▶ **WHAT YOU ARE ASKED TO DO**
Exactly the lines from the start of the data below through the line that contains "for name, color, linetype, lineweight" are to be copied, with pictures left out.

▶ **Collection entries**
========================

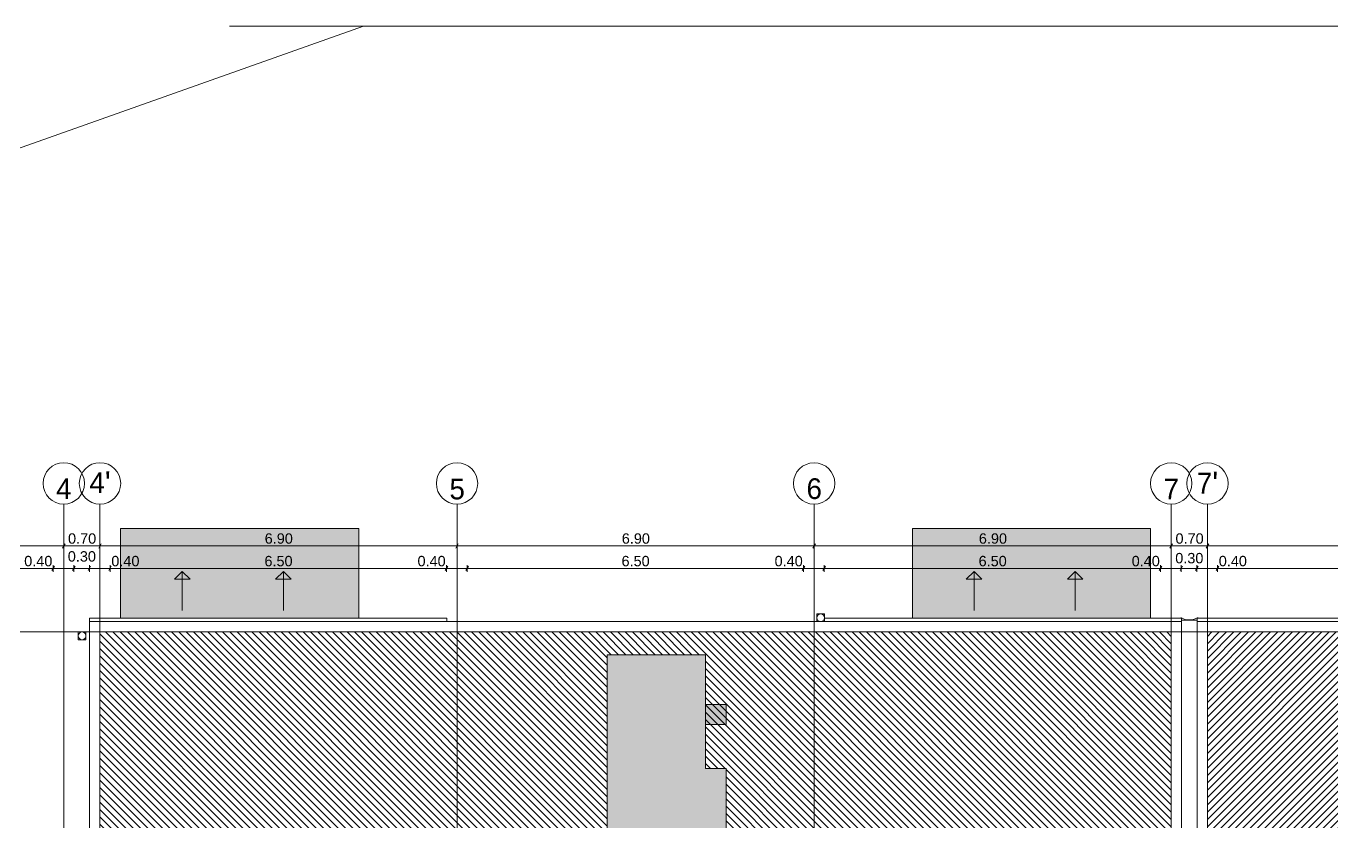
# Model space of a CAD drawing. Header units: millimetres. Extents: x 475159934 to 476245151, y 4620917055 to 4621447368.
# Drawn here: x 475253401 to 475278633, y 4621254103 to 4621269481 of the extents above; entities that cross this region are included whole.
import ezdxf

# ---------------------------------------------------------------- set-up
doc = ezdxf.new("R2010")
doc.units = ezdxf.units.MM
doc.header["$MEASUREMENT"] = 0
for name, color, linetype, lineweight in [('0_Pen_No__42_Pen_No__250_Pen_No__5', 5, 'Continuous', 0), ('0_Pen_No__7_Pen_No__250', 7, 'Continuous', 0), ('0_Pen_No__7_Pen_No__4', 7, 'Continuous', 0), ('0_Pen_No__7_Pen_No__7', 7, 'Continuous', 0), ('0_Pen_No__7_Pen_No__8', 8, 'Continuous', 0), ('2D Drafting - General_Pen_No__1_Pen_No__7', 7, 'Continuous', 0), ('2D Drafting - General_Pen_No__250_Pen_No__7', 7, 'Continuous', 0), ('2D Drafting - General_Pen_No__250_Pen_No__7_Pen_No__250', 7, 'Continuous', 0), ('2D Drafting - General_Pen_No__250_Pen_No__7_Pen_No__7', 7, 'Continuous', 0), ('Annotation - Text_Pen_No__7_Pen_No__5', 5, 'Continuous', 0), ('gegmebi_Pen_No__7_Pen_No__7', 7, 'Continuous', 0), ('New_reg_nak_Pen_No__7', 7, 'Continuous', 0), ('New_Structural - Bearing_Pen_No__1', 1, 'Continuous', 0), ('New_Structural - Bearing_Pen_No__250', 7, 'Continuous', 0), ('New_ნავეთების კონტურები გრგ2_Pen_No__1', 1, 'Continuous', 0), ('zoma_Pen_No__142', 142, 'Continuous', 0), ('zoma_Pen_No__5_Pen_No__5', 5, 'Continuous', 0)]:
    doc.layers.add(name, color=color, linetype=linetype, lineweight=lineweight)
doc.layers.add('0_Pen_No__7_Pen_No__252', color=7, linetype='Continuous', lineweight=0, true_color=0x666666)
doc.layers.add('zoma', color=7, linetype='Continuous')
doc.styles.add('GENERATED_STYLE_3', font='arial.ttf')
doc.styles.add('GENERATED_STYLE_4', font='ACADMTAV.TTF')
doc.linetypes.add('Break', pattern='A,0,[1,12. бѓљбѓ\x98бѓЎбѓ\x98 бѓ’бѓђбѓ¦бѓ”бѓ‘бѓ”бѓ‘бѓ\x981.Shx,S=15.679026,R=0,X=0,Y=0],-1975.557214,0', length=1975.557214)
doc.dimstyles.new('GENERATED_STYLE__3', dxfattribs={"dimtxt": 200, "dimasz": 64.421331, "dimexe": 0.18, "dimexo": 3, "dimgap": 0, "dimtad": 1, "dimtih": 1, "dimtoh": 1, "dimlfac": 0.001, "dimzin": 0, "dimdsep": 46, "dimtxsty": 'GENERATED_STYLE_3', "dimblk": 'ARROWHEAD_2', "dimblk1": 'ARROWHEAD_2', "dimblk2": 'ARROWHEAD_2', "dimcen": 0.09, "dimclrd": 142, "dimclre": 142, "dimclrt": 142, "dimadec": 0, "dimazin": 0, "dimtfac": 1, "dimtdec": 4, "dimtmove": 0, "dimatfit": 3, "dimfxl": 1, "dimtolj": 1, "dimtzin": 0, "dimarcsym": 0})
doc.dimstyles.new('GENERATED_STYLE__6', dxfattribs={"dimtxt": 200, "dimasz": 64.421331, "dimexe": 0.18, "dimexo": 3, "dimgap": 0, "dimtad": 1, "dimlfac": 0.001, "dimzin": 0, "dimdsep": 46, "dimtxsty": 'GENERATED_STYLE_3', "dimblk": 'ARROWHEAD_2', "dimblk1": 'ARROWHEAD_2', "dimblk2": 'ARROWHEAD_2', "dimcen": 0.09, "dimclrd": 142, "dimclre": 142, "dimclrt": 142, "dimadec": 0, "dimazin": 0, "dimtfac": 1, "dimtdec": 4, "dimtmove": 0, "dimatfit": 3, "dimfxl": 1, "dimtolj": 1, "dimtzin": 0, "dimarcsym": 0})
doc.dimstyles.new('GENERATED_STYLE__7', dxfattribs={"dimtxt": 200, "dimasz": 64.421331, "dimexe": 0.18, "dimexo": 3, "dimgap": 0, "dimtad": 1, "dimtih": 1, "dimtoh": 1, "dimlfac": 0.001, "dimzin": 0, "dimdsep": 46, "dimtxsty": 'GENERATED_STYLE_3', "dimblk": 'ARROWHEAD_2', "dimblk1": 'ARROWHEAD_2', "dimblk2": 'ARROWHEAD_2', "dimcen": 0.09, "dimclrd": 142, "dimclre": 142, "dimclrt": 142, "dimadec": 0, "dimazin": 0, "dimtfac": 1, "dimtdec": 4, "dimtmove": 2, "dimatfit": 3, "dimfxl": 1, "dimtolj": 1, "dimtzin": 0, "dimarcsym": 0})

# ---------------------------------------------------------------- blocks, each defined once
blk = doc.blocks.new('*D466', base_point=(475826096, 4621095193))
at = {"layer": 'zoma_Pen_No__142', "color": 142, "linetype": 'Continuous', "lineweight": 0, "transparency": 16777216}
for p, q in [((475247252, 4621259479), (475247203, 4621259394)), ((475247227, 4621259373), (475247227, 4621259500)), ((475247227, 4621259436), (475254127, 4621259436)), ((475254152, 4621259479), (475254103, 4621259394)), ((475254127, 4621259373), (475254127, 4621259500))]:
    blk.add_line(p, q, dxfattribs=at)
at = {"layer": 'zoma_Pen_No__142', "color": 142, "lineweight": 0, "transparency": 16777216, "insert": (475250411, 4621259476), "char_height": 200, "attachment_point": 7, "style": 'GENERATED_STYLE_3'}
blk.add_mtext('\\A1;{\\pql;\\fArial|b0|i0|c204|p0;\\W1.000000;6.90}', dxfattribs=at)
blk = doc.blocks.new('ARROWHEAD_2')
at = {"color": 0, "linetype": 'Continuous', "lineweight": 0}
for p, q in [((0, 0), (-1, 0)), ((-0.38, -0.66), (0.38, 0.66))]:
    blk.add_line(p, q, dxfattribs=at)
blk = doc.blocks.new('*D467', base_point=(475826096, 4621095193))
at = {"layer": 'zoma_Pen_No__142', "color": 142, "linetype": 'Continuous', "lineweight": 0, "transparency": 16777216}
for p, q in [((475254152, 4621259479), (475254103, 4621259394)), ((475254127, 4621259373), (475254127, 4621259500)), ((475254127, 4621259436), (475254827, 4621259436)), ((475254852, 4621259479), (475254803, 4621259394)), ((475254827, 4621259373), (475254827, 4621259500))]:
    blk.add_line(p, q, dxfattribs=at)
at = {"layer": 'zoma_Pen_No__142', "color": 142, "lineweight": 0, "transparency": 16777216, "insert": (475254211, 4621259476), "char_height": 200, "attachment_point": 7, "style": 'GENERATED_STYLE_3'}
blk.add_mtext('\\A1;{\\pql;\\fArial|b0|i0|c204|p0;\\W1.000000;0.70}', dxfattribs=at)
blk = doc.blocks.new('*D468', base_point=(475826096, 4621095193))
at = {"layer": 'zoma_Pen_No__142', "color": 142, "linetype": 'Continuous', "lineweight": 0, "transparency": 16777216}
for p, q in [((475254852, 4621259479), (475254803, 4621259394)), ((475254827, 4621259373), (475254827, 4621259500)), ((475254827, 4621259436), (475261727, 4621259436)), ((475261752, 4621259479), (475261703, 4621259394)), ((475261727, 4621259373), (475261727, 4621259500))]:
    blk.add_line(p, q, dxfattribs=at)
at = {"layer": 'zoma_Pen_No__142', "color": 142, "lineweight": 0, "transparency": 16777216, "insert": (475258011, 4621259476), "char_height": 200, "attachment_point": 7, "style": 'GENERATED_STYLE_3'}
blk.add_mtext('\\A1;{\\pql;\\fArial|b0|i0|c204|p0;\\W1.000000;6.90}', dxfattribs=at)
blk = doc.blocks.new('*D469', base_point=(475826096, 4621095193))
at = {"layer": 'zoma_Pen_No__142', "color": 142, "linetype": 'Continuous', "lineweight": 0, "transparency": 16777216}
for p, q in [((475261752, 4621259479), (475261703, 4621259394)), ((475261727, 4621259373), (475261727, 4621259500)), ((475261727, 4621259436), (475268627, 4621259436)), ((475268652, 4621259479), (475268603, 4621259394)), ((475268627, 4621259373), (475268627, 4621259500))]:
    blk.add_line(p, q, dxfattribs=at)
at = {"layer": 'zoma_Pen_No__142', "color": 142, "lineweight": 0, "transparency": 16777216, "insert": (475264911, 4621259476), "char_height": 200, "attachment_point": 7, "style": 'GENERATED_STYLE_3'}
blk.add_mtext('\\A1;{\\pql;\\fArial|b0|i0|c204|p0;\\W1.000000;6.90}', dxfattribs=at)
blk = doc.blocks.new('*D470', base_point=(475826096, 4621095193))
at = {"layer": 'zoma_Pen_No__142', "color": 142, "linetype": 'Continuous', "lineweight": 0, "transparency": 16777216}
for p, q in [((475268652, 4621259479), (475268603, 4621259394)), ((475268627, 4621259373), (475268627, 4621259500)), ((475268627, 4621259436), (475275527, 4621259436)), ((475275552, 4621259479), (475275503, 4621259394)), ((475275527, 4621259373), (475275527, 4621259500))]:
    blk.add_line(p, q, dxfattribs=at)
at = {"layer": 'zoma_Pen_No__142', "color": 142, "lineweight": 0, "transparency": 16777216, "insert": (475271811, 4621259476), "char_height": 200, "attachment_point": 7, "style": 'GENERATED_STYLE_3'}
blk.add_mtext('\\A1;{\\pql;\\fArial|b0|i0|c204|p0;\\W1.000000;6.90}', dxfattribs=at)
blk = doc.blocks.new('*D471', base_point=(475826096, 4621095193))
at = {"layer": 'zoma_Pen_No__142', "color": 142, "linetype": 'Continuous', "lineweight": 0, "transparency": 16777216}
for p, q in [((475275552, 4621259479), (475275503, 4621259394)), ((475275527, 4621259373), (475275527, 4621259500)), ((475275527, 4621259436), (475276227, 4621259436)), ((475276252, 4621259479), (475276203, 4621259394)), ((475276227, 4621259373), (475276227, 4621259500))]:
    blk.add_line(p, q, dxfattribs=at)
at = {"layer": 'zoma_Pen_No__142', "color": 142, "lineweight": 0, "transparency": 16777216, "insert": (475275611, 4621259476), "char_height": 200, "attachment_point": 7, "style": 'GENERATED_STYLE_3'}
blk.add_mtext('\\A1;{\\pql;\\fArial|b0|i0|c204|p0;\\W1.000000;0.70}', dxfattribs=at)
blk = doc.blocks.new('*D472', base_point=(475826096, 4621095193))
at = {"layer": 'zoma_Pen_No__142', "color": 142, "linetype": 'Continuous', "lineweight": 0, "transparency": 16777216}
for p, q in [((475276252, 4621259479), (475276203, 4621259394)), ((475276227, 4621259373), (475276227, 4621259500)), ((475276227, 4621259436), (475283127, 4621259436)), ((475283152, 4621259479), (475283103, 4621259394)), ((475283127, 4621259373), (475283127, 4621259500))]:
    blk.add_line(p, q, dxfattribs=at)
at = {"layer": 'zoma_Pen_No__142', "color": 142, "lineweight": 0, "transparency": 16777216, "insert": (475279411, 4621259476), "char_height": 200, "attachment_point": 7, "style": 'GENERATED_STYLE_3'}
blk.add_mtext('\\A1;{\\pql;\\fArial|b0|i0|c204|p0;\\W1.000000;6.90}', dxfattribs=at)
blk = doc.blocks.new('*D503', base_point=(475826096, 4621095193))
at = {"layer": 'zoma_Pen_No__142', "color": 142, "linetype": 'Continuous', "lineweight": 0, "transparency": 16777216}
for p, q in [((475247447, 4621259043), (475247398, 4621258958)), ((475247422, 4621258937), (475247422, 4621259064)), ((475253947, 4621259043), (475253898, 4621258958)), ((475253922, 4621258937), (475253922, 4621259064)), ((475247422, 4621259000), (475253922, 4621259000))]:
    blk.add_line(p, q, dxfattribs=at)
at = {"layer": 'zoma_Pen_No__142', "color": 142, "lineweight": 0, "transparency": 16777216, "char_height": 200, "attachment_point": 7, "style": 'GENERATED_STYLE_3'}
for s, insert in [('\\A1;{\\pql;\\fArial|b0|i0|c204|p0;\\W1.000000;6.50}', (475250406, 4621259040)), ('\\A1;{\\pql;\\fArial|b0|i0|c204|p0;\\W1.000000;0.40}', (475253364, 4621259040))]:
    blk.add_mtext(s, dxfattribs=dict(at, insert=insert))
blk = doc.blocks.new('*D504', base_point=(475826096, 4621095193))
at = {"layer": 'zoma_Pen_No__142', "color": 142, "linetype": 'Continuous', "lineweight": 0, "transparency": 16777216}
for p, q in [((475253947, 4621259043), (475253898, 4621258958)), ((475253922, 4621258937), (475253922, 4621259064)), ((475254347, 4621259043), (475254298, 4621258958)), ((475254323, 4621258937), (475254323, 4621259064)), ((475253922, 4621259000), (475254323, 4621259000))]:
    blk.add_line(p, q, dxfattribs=at)
at = {"layer": 'zoma_Pen_No__142', "color": 142, "lineweight": 0, "transparency": 16777216, "insert": (475254206, 4621259131), "char_height": 200, "attachment_point": 7, "style": 'GENERATED_STYLE_3'}
blk.add_mtext('\\A1;{\\pql;\\fArial|b0|i0|c204|p0;\\W1.000000;0.30}', dxfattribs=at)
blk = doc.blocks.new('*D505', base_point=(475826096, 4621095193))
at = {"layer": 'zoma_Pen_No__142', "color": 142, "linetype": 'Continuous', "lineweight": 0, "transparency": 16777216}
for p, q in [((475254347, 4621259043), (475254298, 4621258958)), ((475254323, 4621258937), (475254323, 4621259064)), ((475254647, 4621259043), (475254598, 4621258958)), ((475254623, 4621258937), (475254623, 4621259064)), ((475254323, 4621259000), (475254623, 4621259000))]:
    blk.add_line(p, q, dxfattribs=at)
blk = doc.blocks.new('*D506', base_point=(475826096, 4621095193))
at = {"layer": 'zoma_Pen_No__142', "color": 142, "linetype": 'Continuous', "lineweight": 0, "transparency": 16777216}
for p, q in [((475254647, 4621259043), (475254598, 4621258958)), ((475254623, 4621258937), (475254623, 4621259064)), ((475255047, 4621259043), (475254998, 4621258958)), ((475255022, 4621258937), (475255022, 4621259064)), ((475254623, 4621259000), (475255022, 4621259000))]:
    blk.add_line(p, q, dxfattribs=at)
blk = doc.blocks.new('*D507', base_point=(475826096, 4621095193))
at = {"layer": 'zoma_Pen_No__142', "color": 142, "linetype": 'Continuous', "lineweight": 0, "transparency": 16777216}
for p, q in [((475255047, 4621259043), (475254998, 4621258958)), ((475255022, 4621258937), (475255022, 4621259064)), ((475261547, 4621259043), (475261498, 4621258958)), ((475261522, 4621258937), (475261522, 4621259064)), ((475255022, 4621259000), (475261522, 4621259000))]:
    blk.add_line(p, q, dxfattribs=at)
at = {"layer": 'zoma_Pen_No__142', "color": 142, "lineweight": 0, "transparency": 16777216, "char_height": 200, "attachment_point": 7, "style": 'GENERATED_STYLE_3'}
for s, insert in [('\\A1;{\\pql;\\fArial|b0|i0|c204|p0;\\W1.000000;0.40}', (475255047, 4621259040)), ('\\A1;{\\pql;\\fArial|b0|i0|c204|p0;\\W1.000000;6.50}', (475258006, 4621259040)), ('\\A1;{\\pql;\\fArial|b0|i0|c204|p0;\\W1.000000;0.40}', (475260964, 4621259040))]:
    blk.add_mtext(s, dxfattribs=dict(at, insert=insert))
blk = doc.blocks.new('*D508', base_point=(475826096, 4621095193))
at = {"layer": 'zoma_Pen_No__142', "color": 142, "linetype": 'Continuous', "lineweight": 0, "transparency": 16777216}
for p, q in [((475261547, 4621259043), (475261498, 4621258958)), ((475261522, 4621258937), (475261522, 4621259064)), ((475261947, 4621259043), (475261898, 4621258958)), ((475261922, 4621258937), (475261922, 4621259064)), ((475261522, 4621259000), (475261922, 4621259000))]:
    blk.add_line(p, q, dxfattribs=at)
blk = doc.blocks.new('*D509', base_point=(475826096, 4621095193))
at = {"layer": 'zoma_Pen_No__142', "color": 142, "linetype": 'Continuous', "lineweight": 0, "transparency": 16777216}
for p, q in [((475261947, 4621259043), (475261898, 4621258958)), ((475261922, 4621258937), (475261922, 4621259064)), ((475268447, 4621259043), (475268398, 4621258958)), ((475268422, 4621258937), (475268422, 4621259064)), ((475261922, 4621259000), (475268422, 4621259000))]:
    blk.add_line(p, q, dxfattribs=at)
at = {"layer": 'zoma_Pen_No__142', "color": 142, "lineweight": 0, "transparency": 16777216, "char_height": 200, "attachment_point": 7, "style": 'GENERATED_STYLE_3'}
for s, insert in [('\\A1;{\\pql;\\fArial|b0|i0|c204|p0;\\W1.000000;6.50}', (475264906, 4621259040)), ('\\A1;{\\pql;\\fArial|b0|i0|c204|p0;\\W1.000000;0.40}', (475267864, 4621259040))]:
    blk.add_mtext(s, dxfattribs=dict(at, insert=insert))
blk = doc.blocks.new('*D510', base_point=(475826096, 4621095193))
at = {"layer": 'zoma_Pen_No__142', "color": 142, "linetype": 'Continuous', "lineweight": 0, "transparency": 16777216}
for p, q in [((475268447, 4621259043), (475268398, 4621258958)), ((475268422, 4621258937), (475268422, 4621259064)), ((475268847, 4621259043), (475268798, 4621258958)), ((475268822, 4621258937), (475268822, 4621259064)), ((475268422, 4621259000), (475268822, 4621259000))]:
    blk.add_line(p, q, dxfattribs=at)
blk = doc.blocks.new('*D511', base_point=(475826096, 4621095193))
at = {"layer": 'zoma_Pen_No__142', "color": 142, "linetype": 'Continuous', "lineweight": 0, "transparency": 16777216}
for p, q in [((475268847, 4621259043), (475268798, 4621258958)), ((475268822, 4621258937), (475268822, 4621259064)), ((475275347, 4621259043), (475275298, 4621258958)), ((475275322, 4621258937), (475275322, 4621259064)), ((475268822, 4621259000), (475275322, 4621259000))]:
    blk.add_line(p, q, dxfattribs=at)
at = {"layer": 'zoma_Pen_No__142', "color": 142, "lineweight": 0, "transparency": 16777216, "char_height": 200, "attachment_point": 7, "style": 'GENERATED_STYLE_3'}
for s, insert in [('\\A1;{\\pql;\\fArial|b0|i0|c204|p0;\\W1.000000;6.50}', (475271806, 4621259040)), ('\\A1;{\\pql;\\fArial|b0|i0|c204|p0;\\W1.000000;0.40}', (475274764, 4621259040))]:
    blk.add_mtext(s, dxfattribs=dict(at, insert=insert))
blk = doc.blocks.new('*D512', base_point=(475826096, 4621095193))
at = {"layer": 'zoma_Pen_No__142', "color": 142, "linetype": 'Continuous', "lineweight": 0, "transparency": 16777216}
for p, q in [((475275347, 4621259043), (475275298, 4621258958)), ((475275322, 4621258937), (475275322, 4621259064)), ((475275747, 4621259043), (475275698, 4621258958)), ((475275722, 4621258937), (475275722, 4621259064)), ((475275322, 4621259000), (475275722, 4621259000))]:
    blk.add_line(p, q, dxfattribs=at)
at = {"layer": 'zoma_Pen_No__142', "color": 142, "lineweight": 0, "transparency": 16777216, "insert": (475275606, 4621259097), "char_height": 200, "attachment_point": 7, "style": 'GENERATED_STYLE_3'}
blk.add_mtext('\\A1;{\\pql;\\fArial|b0|i0|c204|p0;\\W1.000000;0.30}', dxfattribs=at)
blk = doc.blocks.new('*D513', base_point=(475826096, 4621095193))
at = {"layer": 'zoma_Pen_No__142', "color": 142, "linetype": 'Continuous', "lineweight": 0, "transparency": 16777216}
for p, q in [((475275747, 4621259043), (475275698, 4621258958)), ((475275722, 4621258937), (475275722, 4621259064)), ((475276047, 4621259043), (475275998, 4621258958)), ((475276022, 4621258937), (475276022, 4621259064)), ((475275722, 4621259000), (475276022, 4621259000))]:
    blk.add_line(p, q, dxfattribs=at)
blk = doc.blocks.new('*D514', base_point=(475826096, 4621095193))
at = {"layer": 'zoma_Pen_No__142', "color": 142, "linetype": 'Continuous', "lineweight": 0, "transparency": 16777216}
for p, q in [((475276047, 4621259043), (475275998, 4621258958)), ((475276022, 4621258937), (475276022, 4621259064)), ((475276447, 4621259043), (475276398, 4621258958)), ((475276422, 4621258937), (475276422, 4621259064)), ((475276022, 4621259000), (475276422, 4621259000))]:
    blk.add_line(p, q, dxfattribs=at)
blk = doc.blocks.new('*D515', base_point=(475826096, 4621095193))
at = {"layer": 'zoma_Pen_No__142', "color": 142, "linetype": 'Continuous', "lineweight": 0, "transparency": 16777216}
for p, q in [((475276447, 4621259043), (475276398, 4621258958)), ((475276422, 4621258937), (475276422, 4621259064)), ((475282947, 4621259043), (475282898, 4621258958)), ((475282922, 4621258937), (475282922, 4621259064)), ((475276422, 4621259000), (475282922, 4621259000))]:
    blk.add_line(p, q, dxfattribs=at)
at = {"layer": 'zoma_Pen_No__142', "color": 142, "lineweight": 0, "transparency": 16777216, "char_height": 200, "attachment_point": 7, "style": 'GENERATED_STYLE_3'}
for s, insert in [('\\A1;{\\pql;\\fArial|b0|i0|c204|p0;\\W1.000000;0.40}', (475276447, 4621259040)), ('\\A1;{\\pql;\\fArial|b0|i0|c204|p0;\\W1.000000;6.50}', (475279406, 4621259040)), ('\\A1;{\\pql;\\fArial|b0|i0|c204|p0;\\W1.000000;0.40}', (475282364, 4621259040))]:
    blk.add_mtext(s, dxfattribs=dict(at, insert=insert))
blk = doc.blocks.new('*D1036', base_point=(475826096, 4621095193))
at = {"layer": 'zoma_Pen_No__142', "color": 142, "linetype": 'Continuous', "lineweight": 0, "transparency": 16777216}
for p, q in [((475300037, 4621257948), (475299953, 4621257997)), ((475299995, 4621257973), (475299995, 4621258014)), ((475300059, 4621257973), (475299931, 4621257973)), ((475299995, 4621238618), (475299995, 4621257973)), ((475300059, 4621238618), (475299931, 4621238618)), ((475299953, 4621238643), (475300037, 4621238594)), ((475299995, 4621238577), (475299995, 4621238618))]:
    blk.add_line(p, q, dxfattribs=at)
at = {"layer": 'zoma_Pen_No__142', "color": 142, "lineweight": 0, "transparency": 16777216, "insert": (475299955, 4621247952), "char_height": 200, "attachment_point": 7, "rotation": 90, "style": 'GENERATED_STYLE_3'}
blk.add_mtext('\\A1;{\\pql;\\fArial|b0|i0|c204|p0;\\W1.000000;19.35}', dxfattribs=at)
blk = doc.blocks.new('*D1050', base_point=(475826096, 4621095193))
at = {"layer": 'zoma_Pen_No__142', "color": 142, "linetype": 'Continuous', "lineweight": 0, "transparency": 16777216}
for p, q in [((475299257, 4621257948), (475299172, 4621257997)), ((475299214, 4621257973), (475299214, 4621258014)), ((475299278, 4621257973), (475299151, 4621257973)), ((475299214, 4621257573), (475299214, 4621257973)), ((475299278, 4621257573), (475299151, 4621257573)), ((475299172, 4621257597), (475299257, 4621257548))]:
    blk.add_line(p, q, dxfattribs=at)

msp = doc.modelspace()

# ---------------------------------------------------------------- hatches: boundary and pattern name
at = {"layer": '0_Pen_No__7_Pen_No__252', "linetype": 'Continuous', "lineweight": 0, "true_color": 0x666666}
h = msp.add_hatch(dxfattribs=at)
h.set_pattern_fill('COMMON_BRICK', color=251, style=0, pattern_type=2)
h.set_pattern_definition([(315, (475249781.27, 4621264057.36), (70.71068, 70.71068), [])])
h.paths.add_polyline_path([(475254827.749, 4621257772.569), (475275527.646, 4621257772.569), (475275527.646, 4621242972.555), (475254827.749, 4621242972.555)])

========================

▶ **OUTPUT FOR THIS EXERCISE**
# Model space of a CAD drawing. Header units: millimetres. Extents: x 475159934 to 476245151, y 4620917055 to 4621447368.
# Drawn here: x 475253401 to 475278633, y 4621254103 to 4621269481 of the extents above; entities that cross this region are included whole.
import ezdxf

# ---------------------------------------------------------------- set-up
doc = ezdxf.new("R2010")
doc.units = ezdxf.units.MM
doc.header["$MEASUREMENT"] = 0
for name, color, linetype, lineweight in [('0_Pen_No__42_Pen_No__250_Pen_No__5', 5, 'Continuous', 0), ('0_Pen_No__7_Pen_No__250', 7, 'Continuous', 0), ('0_Pen_No__7_Pen_No__4', 7, 'Continuous', 0), ('0_Pen_No__7_Pen_No__7', 7, 'Continuous', 0), ('0_Pen_No__7_Pen_No__8', 8, 'Continuous', 0), ('2D Drafting - General_Pen_No__1_Pen_No__7', 7, 'Continuous', 0), ('2D Drafting - General_Pen_No__250_Pen_No__7', 7, 'Continuous', 0), ('2D Drafting - General_Pen_No__250_Pen_No__7_Pen_No__250', 7, 'Continuous', 0), ('2D Drafting - General_Pen_No__250_Pen_No__7_Pen_No__7', 7, 'Continuous', 0), ('Annotation - Text_Pen_No__7_Pen_No__5', 5, 'Continuous', 0), ('gegmebi_Pen_No__7_Pen_No__7', 7, 'Continuous', 0), ('New_reg_nak_Pen_No__7', 7, 'Continuous', 0), ('New_Structural - Bearing_Pen_No__1', 1, 'Continuous', 0), ('New_Structural - Bearing_Pen_No__250', 7, 'Continuous', 0), ('New_ნავეთების კონტურები გრგ2_Pen_No__1', 1, 'Continuous', 0), ('zoma_Pen_No__142', 142, 'Continuous', 0), ('zoma_Pen_No__5_Pen_No__5', 5, 'Continuous', 0)]:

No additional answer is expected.